(Provided information begins)

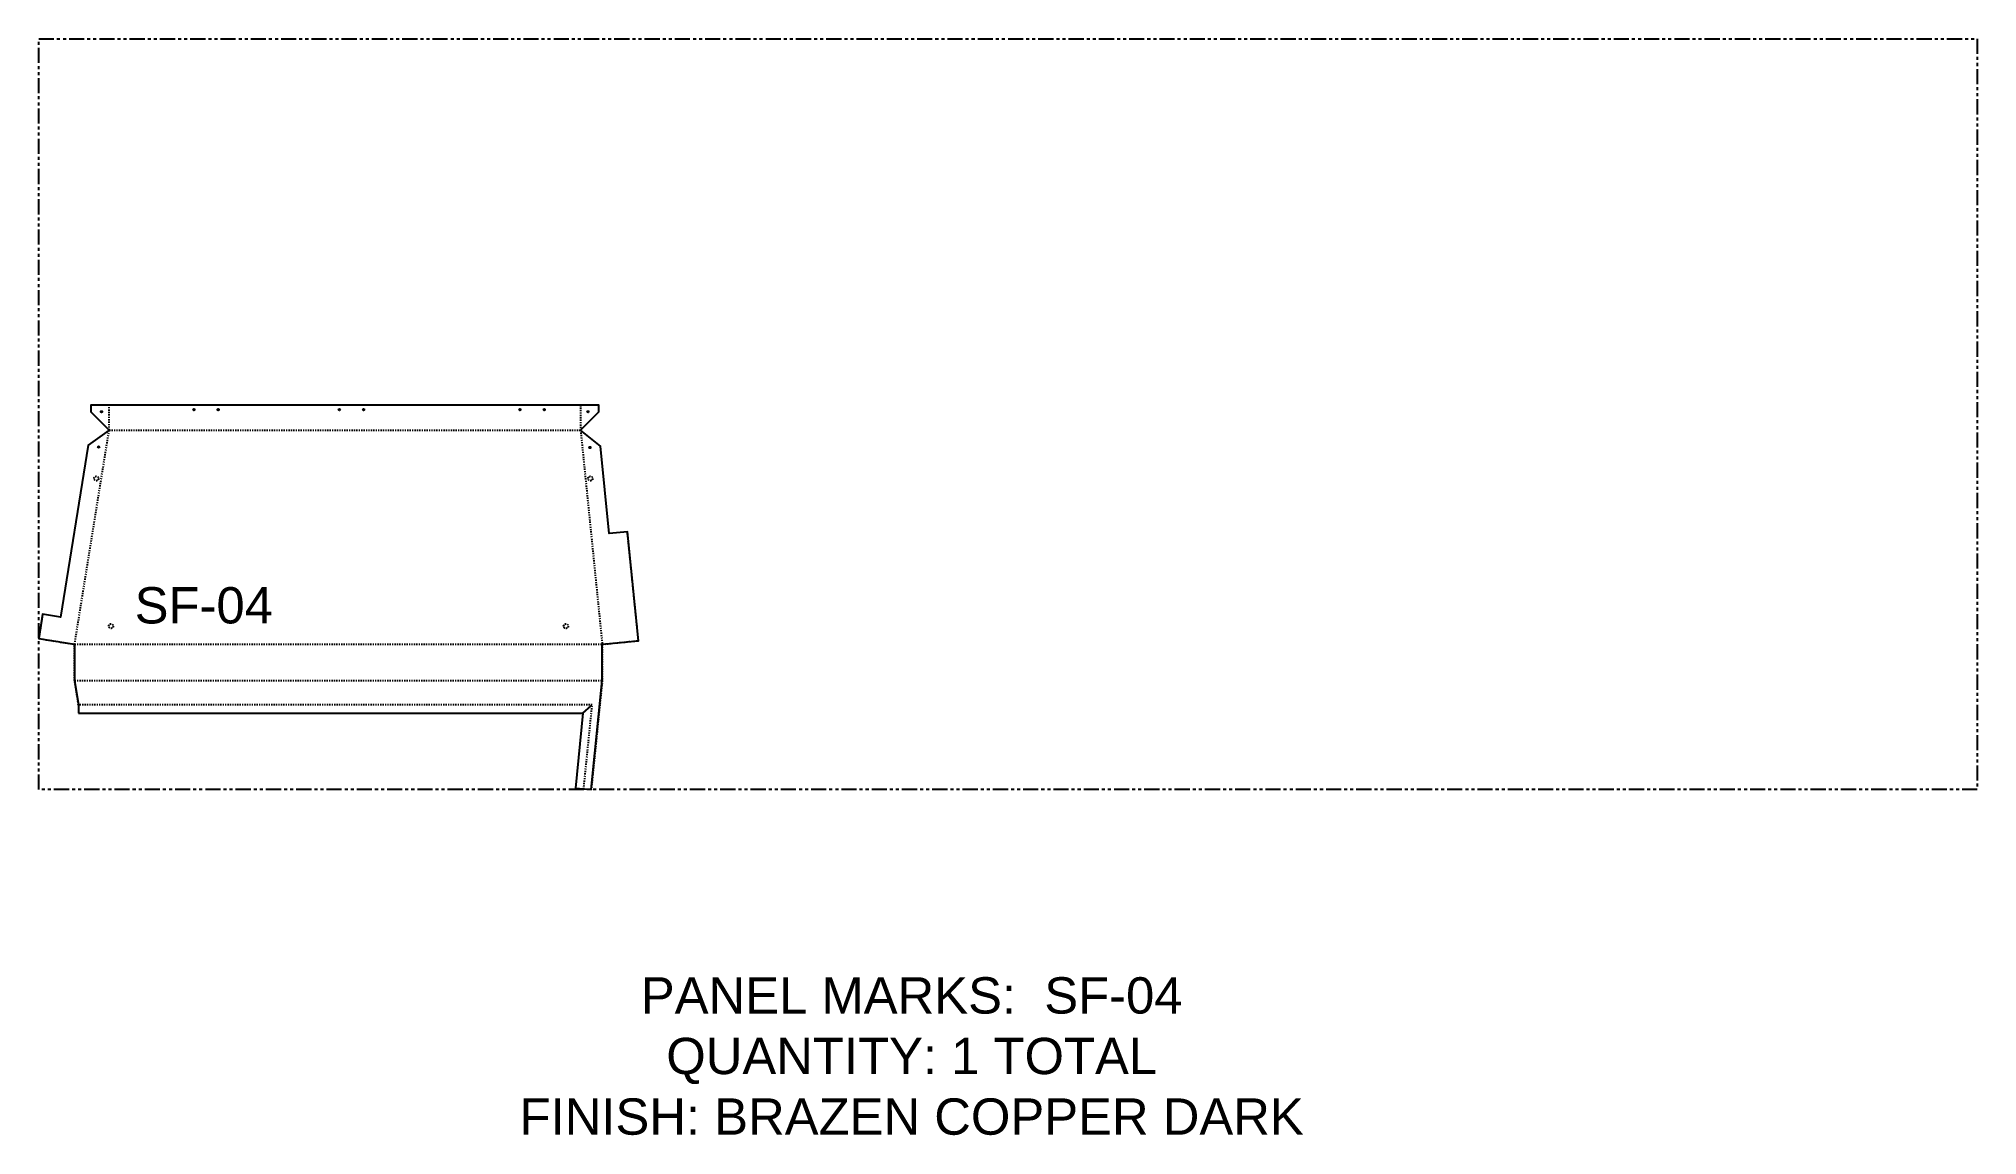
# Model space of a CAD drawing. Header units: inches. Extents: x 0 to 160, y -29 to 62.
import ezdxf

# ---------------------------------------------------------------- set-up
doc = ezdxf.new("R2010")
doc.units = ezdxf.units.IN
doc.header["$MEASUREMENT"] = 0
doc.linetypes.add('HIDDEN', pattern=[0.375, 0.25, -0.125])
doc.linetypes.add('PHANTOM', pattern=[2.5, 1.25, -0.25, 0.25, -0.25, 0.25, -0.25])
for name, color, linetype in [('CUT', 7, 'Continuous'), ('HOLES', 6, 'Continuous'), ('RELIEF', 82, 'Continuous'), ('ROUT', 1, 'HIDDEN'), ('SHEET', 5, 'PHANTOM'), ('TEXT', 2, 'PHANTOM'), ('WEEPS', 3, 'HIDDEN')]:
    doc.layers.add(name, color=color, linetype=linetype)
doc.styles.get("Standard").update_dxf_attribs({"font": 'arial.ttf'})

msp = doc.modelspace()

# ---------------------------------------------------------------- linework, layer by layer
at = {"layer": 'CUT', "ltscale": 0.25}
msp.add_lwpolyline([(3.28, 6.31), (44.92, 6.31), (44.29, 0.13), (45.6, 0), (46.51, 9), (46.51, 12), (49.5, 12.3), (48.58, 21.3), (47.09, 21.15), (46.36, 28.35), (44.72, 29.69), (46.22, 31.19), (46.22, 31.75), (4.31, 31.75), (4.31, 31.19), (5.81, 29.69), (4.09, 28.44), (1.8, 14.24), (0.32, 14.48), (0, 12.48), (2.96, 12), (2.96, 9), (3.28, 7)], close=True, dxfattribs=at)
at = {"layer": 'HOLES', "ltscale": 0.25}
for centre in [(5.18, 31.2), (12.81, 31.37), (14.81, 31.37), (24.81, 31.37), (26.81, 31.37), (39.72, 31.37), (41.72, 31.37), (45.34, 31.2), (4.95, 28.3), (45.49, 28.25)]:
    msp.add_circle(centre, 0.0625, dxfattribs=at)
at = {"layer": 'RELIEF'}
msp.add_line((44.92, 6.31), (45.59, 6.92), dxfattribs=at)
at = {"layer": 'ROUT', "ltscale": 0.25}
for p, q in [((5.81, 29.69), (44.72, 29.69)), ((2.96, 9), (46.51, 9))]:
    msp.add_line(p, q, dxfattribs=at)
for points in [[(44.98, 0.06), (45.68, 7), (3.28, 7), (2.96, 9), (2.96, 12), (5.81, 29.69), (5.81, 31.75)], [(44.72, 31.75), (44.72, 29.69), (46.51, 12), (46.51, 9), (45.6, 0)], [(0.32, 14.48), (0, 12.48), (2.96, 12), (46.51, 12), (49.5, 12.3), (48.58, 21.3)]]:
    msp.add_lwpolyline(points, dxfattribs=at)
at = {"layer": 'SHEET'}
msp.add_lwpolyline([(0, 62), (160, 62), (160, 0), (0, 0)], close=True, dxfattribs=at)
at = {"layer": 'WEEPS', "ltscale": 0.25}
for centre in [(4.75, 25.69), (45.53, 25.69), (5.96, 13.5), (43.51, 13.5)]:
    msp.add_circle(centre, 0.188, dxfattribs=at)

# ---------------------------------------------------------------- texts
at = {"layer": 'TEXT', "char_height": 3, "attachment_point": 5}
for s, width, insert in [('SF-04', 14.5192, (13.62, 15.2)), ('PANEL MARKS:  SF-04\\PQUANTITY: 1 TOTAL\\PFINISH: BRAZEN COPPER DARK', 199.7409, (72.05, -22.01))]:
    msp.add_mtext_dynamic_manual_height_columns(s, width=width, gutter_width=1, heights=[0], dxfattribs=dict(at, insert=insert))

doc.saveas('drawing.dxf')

(Provided information ends)

## Task goal
Copy every line of the entries in which "WEEPS" can be found.

## Solution to this task
for name, color, linetype in [('CUT', 7, 'Continuous'), ('HOLES', 6, 'Continuous'), ('RELIEF', 82, 'Continuous'), ('ROUT', 1, 'HIDDEN'), ('SHEET', 5, 'PHANTOM'), ('TEXT', 2, 'PHANTOM'), ('WEEPS', 3, 'HIDDEN')]:
at = {"layer": 'WEEPS', "ltscale": 0.25}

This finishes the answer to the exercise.